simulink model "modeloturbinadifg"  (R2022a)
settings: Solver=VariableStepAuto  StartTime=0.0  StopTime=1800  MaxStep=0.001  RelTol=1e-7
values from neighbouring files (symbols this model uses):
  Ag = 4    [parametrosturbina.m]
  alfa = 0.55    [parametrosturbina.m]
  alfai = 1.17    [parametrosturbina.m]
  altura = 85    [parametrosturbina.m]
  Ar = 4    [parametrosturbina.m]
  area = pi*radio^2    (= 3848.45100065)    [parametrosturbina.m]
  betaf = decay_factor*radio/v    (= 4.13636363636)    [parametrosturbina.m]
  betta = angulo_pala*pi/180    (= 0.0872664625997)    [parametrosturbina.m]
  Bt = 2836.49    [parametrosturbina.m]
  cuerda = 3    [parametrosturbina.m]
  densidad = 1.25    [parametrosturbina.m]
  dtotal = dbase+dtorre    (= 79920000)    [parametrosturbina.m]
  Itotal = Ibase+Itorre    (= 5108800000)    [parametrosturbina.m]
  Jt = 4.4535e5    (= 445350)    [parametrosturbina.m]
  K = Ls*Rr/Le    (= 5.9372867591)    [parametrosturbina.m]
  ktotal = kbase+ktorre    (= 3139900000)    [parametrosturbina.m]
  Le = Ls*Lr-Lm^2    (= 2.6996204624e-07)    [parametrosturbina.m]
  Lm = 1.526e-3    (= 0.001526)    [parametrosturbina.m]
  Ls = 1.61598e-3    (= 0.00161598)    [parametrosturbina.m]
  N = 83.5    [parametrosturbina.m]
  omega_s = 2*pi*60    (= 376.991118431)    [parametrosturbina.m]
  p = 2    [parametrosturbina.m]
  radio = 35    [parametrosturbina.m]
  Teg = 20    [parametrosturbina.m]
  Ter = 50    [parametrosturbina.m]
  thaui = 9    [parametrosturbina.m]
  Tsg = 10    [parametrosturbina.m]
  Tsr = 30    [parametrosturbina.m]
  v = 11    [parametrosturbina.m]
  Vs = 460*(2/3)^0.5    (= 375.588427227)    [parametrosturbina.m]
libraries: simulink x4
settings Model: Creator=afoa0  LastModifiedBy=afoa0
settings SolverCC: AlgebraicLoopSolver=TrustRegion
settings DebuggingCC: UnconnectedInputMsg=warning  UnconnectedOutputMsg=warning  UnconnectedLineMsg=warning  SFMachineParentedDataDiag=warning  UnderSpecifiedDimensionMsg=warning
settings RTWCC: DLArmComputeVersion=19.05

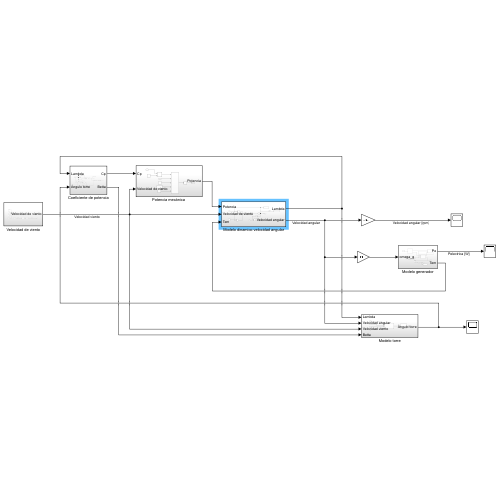
[thumbnail: Simulink's stored preview of the top-level diagram]
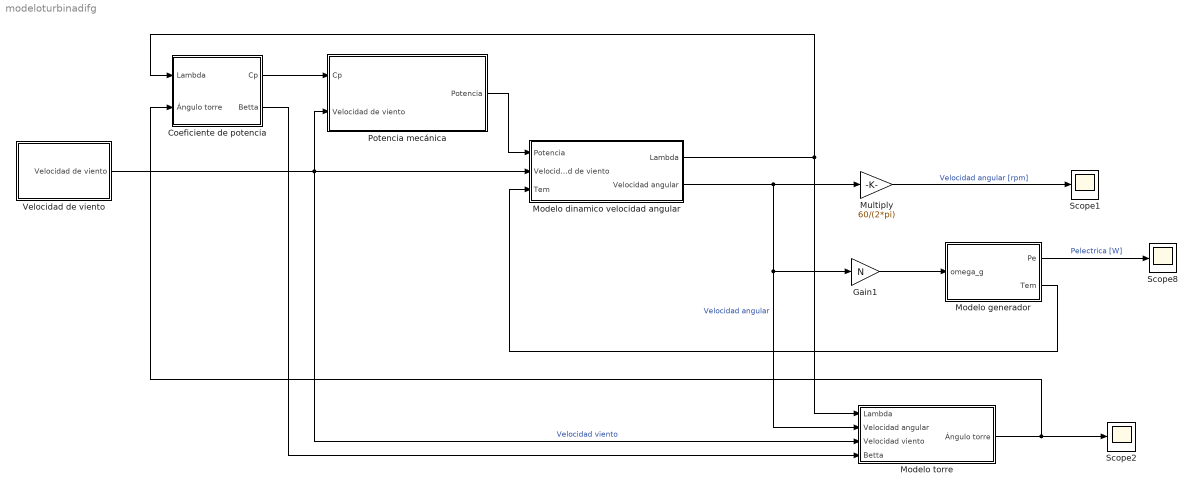
== system modeloturbinadifg ==
  Coeficiente de potencia : Subsystem
  Gain1 : Gain  Gain=N
  Modelo dinamico velocidad angular : Subsystem
  Modelo generador : Subsystem
  Modelo torre : Subsystem
  Multiply : Gain  Gain=60/(2*pi)
  "Potencia mecánica " : Subsystem
  Scope1 : Scope
  Scope2 : Scope
  Scope8 : Scope
  Velocidad de viento : Subsystem
  wires:
  Coeficiente de potencia/1(Cp) -> "Potencia mecánica "/1(Cp)
  "Potencia mecánica "/1(Potencia) -> Modelo dinamico velocidad angular/1(Potencia)
  Multiply/1 -> Scope1/1  "Velocidad angular [rpm]"
  Modelo generador/2(Tem) -> Modelo dinamico velocidad angular/3(Tem)
  Modelo generador/1(Pe) -> Scope8/1  "Pelectrica [W]"
  Gain1/1 -> Modelo generador/1(omega_g)
  Velocidad de viento/1(Velocidad de viento) -> Modelo torre/3(Velocidad viento), Modelo dinamico velocidad angular/2(Velocidad de viento), "Potencia mecánica "/2(Velocidad de viento)  "Velocidad viento"
  Modelo dinamico velocidad angular/2(Velocidad angular) -> Multiply/1, Modelo torre/2(Velocidad angular), Gain1/1  "Velocidad angular"
  Modelo dinamico velocidad angular/1(Lambda) -> Coeficiente de potencia/1(Lambda), Modelo torre/1(Lambda)
  Modelo torre/1(Ángulo torre) -> Coeficiente de potencia/2(Ángulo torre), Scope2/1
  Coeficiente de potencia/2(Betta) -> Modelo torre/4(Betta)

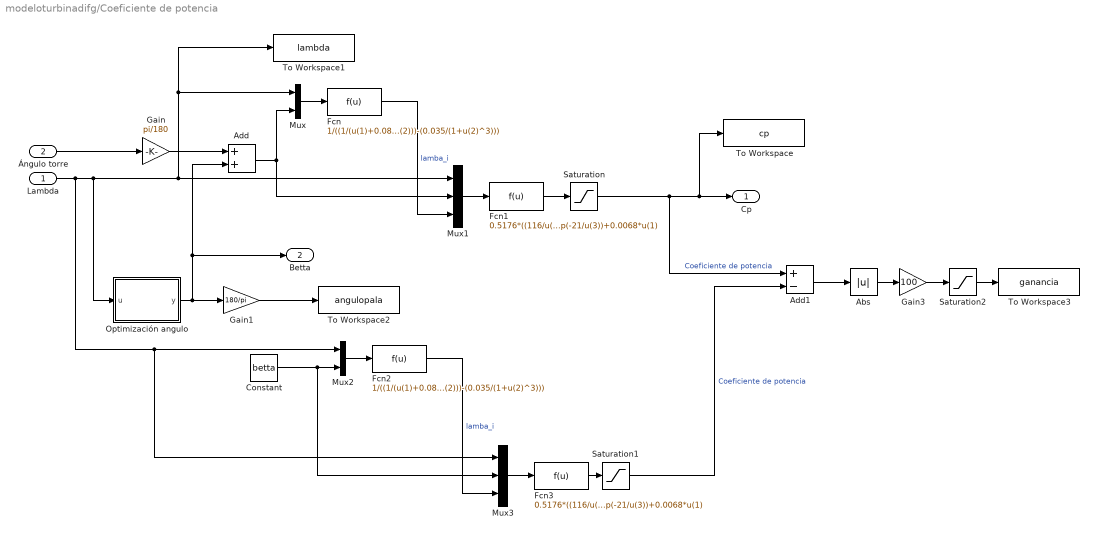
== system modeloturbinadifg/Coeficiente de potencia ==
  Lambda : Inport
  Ángulo torre : Inport  Port=2
  Abs : Abs  SaturateOnIntegerOverflow=off
  Add : Sum
  Add1 : Sum  Inputs=+-
  Constant : Constant  Value=betta
  Fcn : Fcn  Expr=1/((1/(u(1)+0.08*u(2)))-(0.035/(1+u(2)^3)))
  Fcn1 : Fcn  Expr=0.5176*((116/u(3))-0.4*u(2)-5)*exp(-21/u(3))+0.0068*u(1)
  Fcn2 : Fcn  Expr=1/((1/(u(1)+0.08*u(2)))-(0.035/(1+u(2)^3)))
  Fcn3 : Fcn  Expr=0.5176*((116/u(3))-0.4*u(2)-5)*exp(-21/u(3))+0.0068*u(1)
  Gain : Gain  Gain=pi/180
  Gain1 : Gain  Gain=180/pi
  Gain3 : Gain  Gain=100
  Mux : Mux  Inputs=2
  Mux1 : Mux  Inputs=3
  Mux2 : Mux  Inputs=2
  Mux3 : Mux  Inputs=3
  Optimización angulo : MATLAB Function  TreatAsAtomicUnit=on
  Saturation : Saturate  UpperLimit=0.6  LowerLimit=0
  Saturation1 : Saturate  UpperLimit=0.6  LowerLimit=0
  Saturation2 : Saturate  UpperLimit=0.3  LowerLimit=0
  To Workspace : ToWorkspace  VariableName=cp  SaveFormat=Timeseries  SampleTime=-1
  To Workspace1 : ToWorkspace  VariableName=lambda  SaveFormat=Timeseries  SampleTime=-1
  To Workspace2 : ToWorkspace  VariableName=angulopala  SaveFormat=Timeseries  SampleTime=-1
  To Workspace3 : ToWorkspace  VariableName=ganancia  SaveFormat=Timeseries  SampleTime=-1
  Cp : Outport
  Betta : Outport  Port=2
  wires:
  Mux/1 -> Fcn/1
  Fcn/1 -> Mux1/3  "lamba_i"
  Mux1/1 -> Fcn1/1
  Fcn1/1 -> Saturation/1
  Saturation/1 -> Add1/1, To Workspace/1, Cp/1  "Coeficiente de potencia"
  Gain1/1 -> To Workspace2/1
  Add/1 -> Mux1/2, Mux/2
  Ángulo torre/1 -> Gain/1
  Gain/1 -> Add/1
  Mux3/1 -> Fcn3/1
  Lambda/1 -> Mux3/1, Mux2/1, To Workspace1/1, Mux/1, Mux1/1, Optimización angulo/1(u)
  Fcn2/1 -> Mux3/3  "lamba_i"
  Saturation1/1 -> Add1/2  "Coeficiente de potencia"
  Mux2/1 -> Fcn2/1
  Fcn3/1 -> Saturation1/1
  Optimización angulo/1(y) -> Gain1/1, Betta/1, Add/2
  Add1/1 -> Abs/1
  Abs/1 -> Gain3/1
  Gain3/1 -> Saturation2/1
  Saturation2/1 -> To Workspace3/1
  Constant/1 -> Mux3/2, Mux2/2

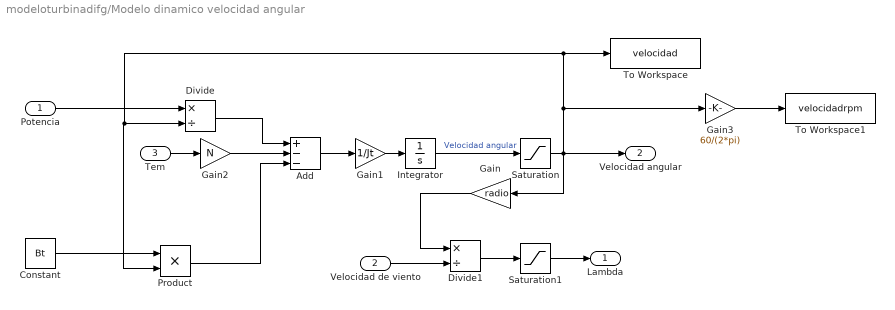
== system modeloturbinadifg/Modelo dinamico velocidad angular ==
  Potencia : Inport
  Velocidad de viento : Inport  Port=2
  Tem : Inport  Port=3
  Add : Sum  Inputs=+--
  Constant : Constant  Value=Bt
  Divide : Product  Inputs=*/
  Divide1 : Product  Inputs=*/
  Gain : Gain  Gain=radio
  Gain1 : Gain  Gain=1/Jt
  Gain2 : Gain  Gain=N
  Gain3 : Gain  Gain=60/(2*pi)
  Integrator : Integrator  InitialCondition=0.1
  Product : Product
  Saturation : Saturate  UpperLimit=6  LowerLimit=0.0001
  Saturation1 : Saturate  UpperLimit=30  LowerLimit=0
  To Workspace : ToWorkspace  VariableName=velocidad  SaveFormat=Timeseries  SampleTime=-1
  To Workspace1 : ToWorkspace  VariableName=velocidadrpm  SaveFormat=Timeseries  SampleTime=-1
  Lambda : Outport
  Velocidad angular : Outport  Port=2
  wires:
  Potencia/1 -> Divide/1
  Add/1 -> Gain1/1
  Gain1/1 -> Integrator/1
  Divide/1 -> Add/1
  Constant/1 -> Product/1
  Product/1 -> Add/3
  Gain/1 -> Divide1/1
  Velocidad de viento/1 -> Divide1/2
  Saturation/1 -> Gain/1, Velocidad angular/1, Product/2, Divide/2, To Workspace/1, Gain3/1
  Integrator/1 -> Saturation/1  "Velocidad angular"
  Tem/1 -> Gain2/1
  Gain2/1 -> Add/2
  Divide1/1 -> Saturation1/1
  Saturation1/1 -> Lambda/1
  Gain3/1 -> To Workspace1/1

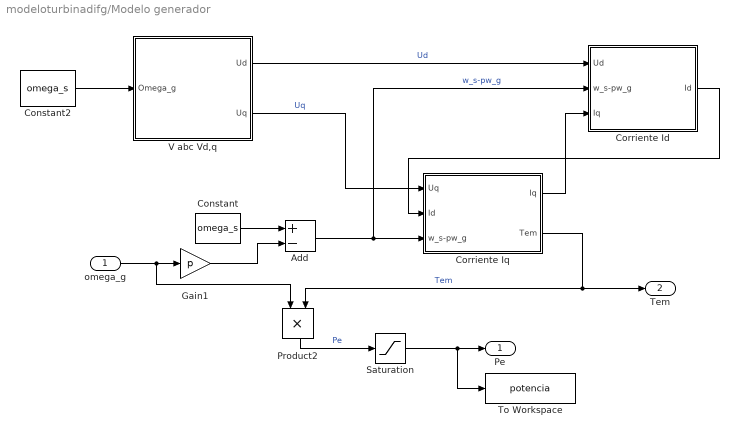
== system modeloturbinadifg/Modelo generador ==
  omega_g : Inport
  Add : Sum  Inputs=+-
  Constant : Constant  Value=omega_s
  Constant2 : Constant  Value=omega_s
  Corriente Id : Subsystem
  Corriente Iq : Subsystem
  Gain1 : Gain  Gain=p
  Product2 : Product
  Saturation : Saturate  UpperLimit=100e6  LowerLimit=0
  To Workspace : ToWorkspace  VariableName=potencia  SaveFormat=Timeseries  SampleTime=-1
  V abc Vd,q : Subsystem
  Pe : Outport
  Tem : Outport  Port=2
  wires:
  Corriente Iq/1(Iq) -> Corriente Id/3(Iq)
  omega_g/1 -> Gain1/1, Product2/1
  Constant2/1 -> V abc Vd,q/1(Omega_g)
  Gain1/1 -> Add/2
  Add/1 -> Corriente Id/2(w_s-pw_g), Corriente Iq/3(w_s-pw_g)  "w_s-pw_g"
  V abc Vd,q/1(Ud) -> Corriente Id/1(Ud)  "Ud"
  V abc Vd,q/2(Uq) -> Corriente Iq/1(Uq)  "Uq"
  Corriente Id/1(Id) -> Corriente Iq/2(Id)
  Corriente Iq/2(Tem) -> Product2/2, Tem/1  "Tem"
  Product2/1 -> Saturation/1  "Pe"
  Saturation/1 -> Pe/1, To Workspace/1
  Constant/1 -> Add/1

== system modeloturbinadifg/Modelo torre ==
  Lambda : Inport
  Velocidad angular : Inport  Port=2
  Velocidad viento : Inport  Port=3
  Betta : Inport  Port=4
  Cálculo de la fuerza aerodinámica : Subsystem
  Modelo segundo orden : Subsystem
  Ángulo torre : Outport
  wires:
  Lambda/1 -> Cálculo de la fuerza aerodinámica/1(Lambda)
  Velocidad viento/1 -> Cálculo de la fuerza aerodinámica/2(Velocidad viento)
  Velocidad angular/1 -> Cálculo de la fuerza aerodinámica/3(Velocidad angular)
  Betta/1 -> Cálculo de la fuerza aerodinámica/4(Betta)
  Cálculo de la fuerza aerodinámica/1(Pn) -> Modelo segundo orden/1(Pn)
  Modelo segundo orden/1(Ángulo Torre) -> Ángulo torre/1

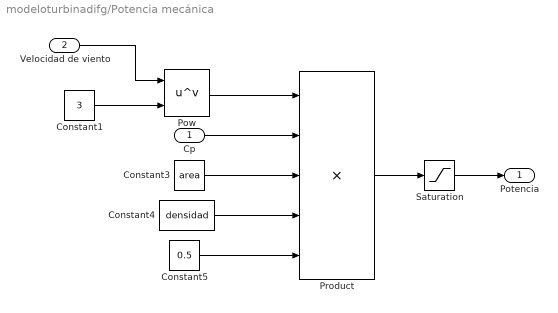
== system modeloturbinadifg/Potencia mecánica  ==
  Cp : Inport
  Velocidad de viento : Inport  Port=2
  Constant1 : Constant  Value=3
  Constant3 : Constant  Value=area
  Constant4 : Constant  Value=densidad
  Constant5 : Constant  Value=0.5
  Pow : Math  Operator=pow  SignedPower=on  RndMeth=Zero
  Product : Product  Inputs=5
  Saturation : Saturate  UpperLimit=10e6  LowerLimit=0
  Potencia : Outport
  wires:
  Constant3/1 -> Product/3
  Constant4/1 -> Product/4
  Constant5/1 -> Product/5
  Constant1/1 -> Pow/2
  Pow/1 -> Product/1
  Velocidad de viento/1 -> Pow/1
  Cp/1 -> Product/2
  Product/1 -> Saturation/1
  Saturation/1 -> Potencia/1

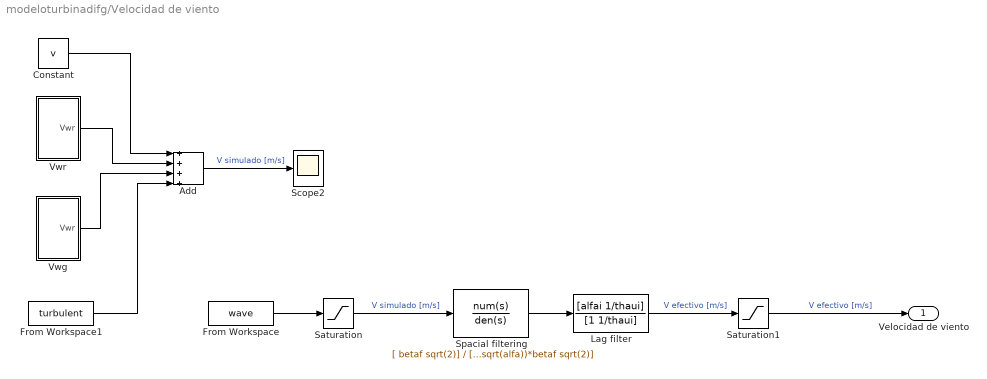
== system modeloturbinadifg/Velocidad de viento ==
  Add : Sum  Inputs=++++
  Constant : Constant  Value=v
  From Workspace : FromWorkspace  VariableName=wave  SampleTime=1  Interpolate=off  OutputAfterFinalValue=Setting to zero
  From Workspace1 : FromWorkspace  VariableName=turbulent  SampleTime=1  Interpolate=off  OutputAfterFinalValue=Setting to zero
  Lag filter : TransferFcn  Numerator=[alfai 1/thaui]  Denominator=[1 1/thaui]
  Saturation : Saturate  UpperLimit=50  LowerLimit=0
  Saturation1 : Saturate  UpperLimit=50  LowerLimit=0.0001
  Scope2 : Scope
  Spacial filtering : TransferFcn  Numerator=[ betaf sqrt(2)]  Denominator=[betaf^(2) (sqrt(2/alfa)+sqrt(alfa))*betaf sqrt(2)]
  Vwg : Subsystem
  Vwr : Subsystem
  Velocidad de viento : Outport
  wires:
  Vwr/1(Vwr) -> Add/2
  Constant/1 -> Add/1
  Vwg/1(Vwr) -> Add/3
  Add/1 -> Scope2/1  "V simulado [m/s]"
  Spacial filtering/1 -> Lag filter/1
  Lag filter/1 -> Saturation1/1  "V efectivo [m/s]"
  From Workspace/1 -> Saturation/1
  Saturation/1 -> Spacial filtering/1  "V simulado [m/s]"
  From Workspace1/1 -> Add/4
  Saturation1/1 -> Velocidad de viento/1  "V efectivo [m/s]"

== system modeloturbinadifg/Modelo generador/Corriente Id ==
  Ud : Inport
  w_s-pw_g : Inport  Port=2
  Iq : Inport  Port=3
  Add : Sum  Inputs=-++
  Gain : Gain  Gain=K
  Gain2 : Gain  Gain=Ls/Le
  Integrator : Integrator
  Product : Product
  Id : Outport
  wires:
  Product/1 -> Add/2
  Iq/1 -> Product/2
  Integrator/1 -> Gain/1, Id/1  "Id"
  Gain2/1 -> Add/3
  Gain/1 -> Add/1
  w_s-pw_g/1 -> Product/1
  Ud/1 -> Gain2/1
  Add/1 -> Integrator/1

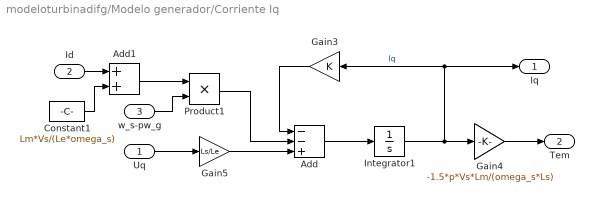
== system modeloturbinadifg/Modelo generador/Corriente Iq ==
  Uq : Inport
  Id : Inport  Port=2
  w_s-pw_g : Inport  Port=3
  Add : Sum  Inputs=--+
  Add1 : Sum
  Constant1 : Constant  Value=Lm*Vs/(Le*omega_s)
  Gain3 : Gain  Gain=K
  Gain4 : Gain  Gain=-1.5*p*Vs*Lm/(omega_s*Ls)
  Gain5 : Gain  Gain=Ls/Le
  Integrator1 : Integrator
  Product1 : Product
  Iq : Outport
  Tem : Outport  Port=2
  wires:
  Integrator1/1 -> Gain4/1, Gain3/1, Iq/1  "Iq"
  Product1/1 -> Add/2
  Constant1/1 -> Add1/2
  Id/1 -> Add1/1
  Uq/1 -> Gain5/1
  Gain5/1 -> Add/3
  Gain3/1 -> Add/1
  Gain4/1 -> Tem/1
  Add1/1 -> Product1/1
  w_s-pw_g/1 -> Product1/2
  Add/1 -> Integrator1/1

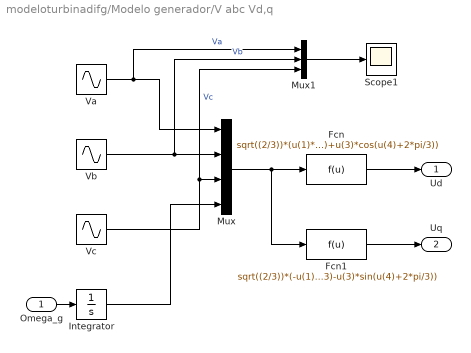
== system modeloturbinadifg/Modelo generador/V abc Vd,q ==
  Omega_g : Inport
  Fcn : Fcn  Expr=sqrt((2/3))*(u(1)*cos(u(4))+u(2)*cos(u(4)-2*pi/3)+u(3)*cos(u(4)+2*pi/3))
  Fcn1 : Fcn  Expr=sqrt((2/3))*(-u(1)*sin(u(4))-u(2)*sin(u(4)-2*pi/3)-u(3)*sin(u(4)+2*pi/3))
  Integrator : Integrator
  Mux : Mux
  Mux1 : Mux  Inputs=3
  Scope1 : Scope
  Va : Sin  Amplitude=Vs  Frequency=omega_s  SampleTime=0
  Vb : Sin  Amplitude=Vs  Frequency=omega_s  Phase=-2*pi/3  SampleTime=0
  Vc : Sin  Amplitude=Vs  Frequency=omega_s  Phase=2*pi/3  SampleTime=0
  Ud : Outport
  Uq : Outport  Port=2
  wires:
  Omega_g/1 -> Integrator/1
  Va/1 -> Mux1/1, Mux/1  "Va"
  Vb/1 -> Mux1/2, Mux/2  "Vb"
  Vc/1 -> Mux1/3, Mux/3  "Vc"
  Integrator/1 -> Mux/4
  Mux/1 -> Fcn1/1, Fcn/1
  Fcn/1 -> Ud/1
  Fcn1/1 -> Uq/1
  Mux1/1 -> Scope1/1

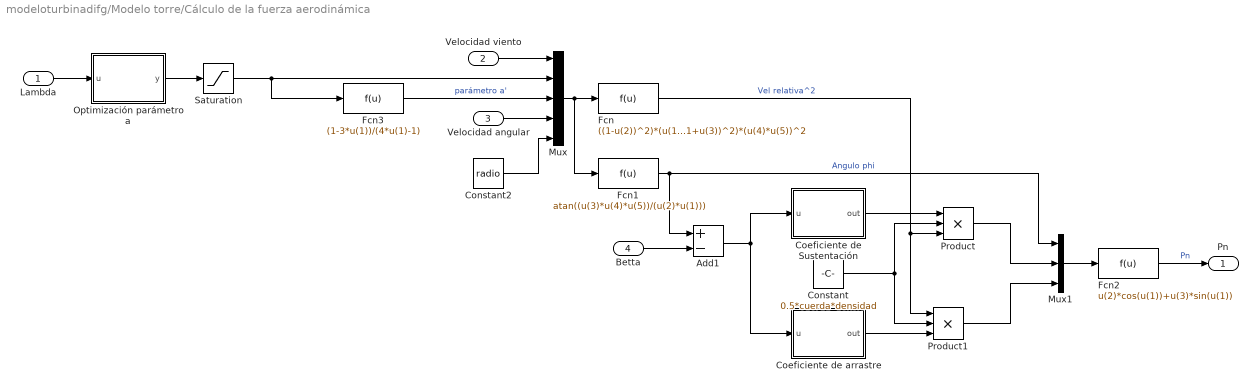
== system modeloturbinadifg/Modelo torre/Cálculo de la fuerza aerodinámica ==
  Lambda : Inport
  Velocidad viento : Inport  Port=2
  Velocidad angular : Inport  Port=3
  Betta : Inport  Port=4
  Add1 : Sum  Inputs=+-
  Coeficiente de Sustentación : MATLAB Function  TreatAsAtomicUnit=on
  Coeficiente de arrastre : MATLAB Function  TreatAsAtomicUnit=on
  Constant : Constant  Value=0.5*cuerda*densidad
  Constant2 : Constant  Value=radio
  Fcn : Fcn  Expr=((1-u(2))^2)*(u(1))^2+((1+u(3))^2)*(u(4)*u(5))^2
  Fcn1 : Fcn  Expr=atan((u(3)*u(4)*u(5))/(u(2)*u(1)))
  Fcn2 : Fcn  Expr=u(2)*cos(u(1))+u(3)*sin(u(1))
  Fcn3 : Fcn  Expr=(1-3*u(1))/(4*u(1)-1)
  Mux : Mux  Inputs=5
  Mux1 : Mux  Inputs=3
  Optimización parámetro a : MATLAB Function  TreatAsAtomicUnit=on
  Product : Product  Inputs=3
  Product1 : Product  Inputs=3
  Saturation : Saturate  UpperLimit=1  LowerLimit=0.001
  Pn : Outport
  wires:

──────

TASK INSTRUCTIONS —
Find the word "Interpolate" in the entries, and copy every line it shows up in.

TASK RESULT —
  From Workspace : FromWorkspace  VariableName=wave  SampleTime=1  Interpolate=off  OutputAfterFinalValue=Setting to zero
  From Workspace1 : FromWorkspace  VariableName=turbulent  SampleTime=1  Interpolate=off  OutputAfterFinalValue=Setting to zero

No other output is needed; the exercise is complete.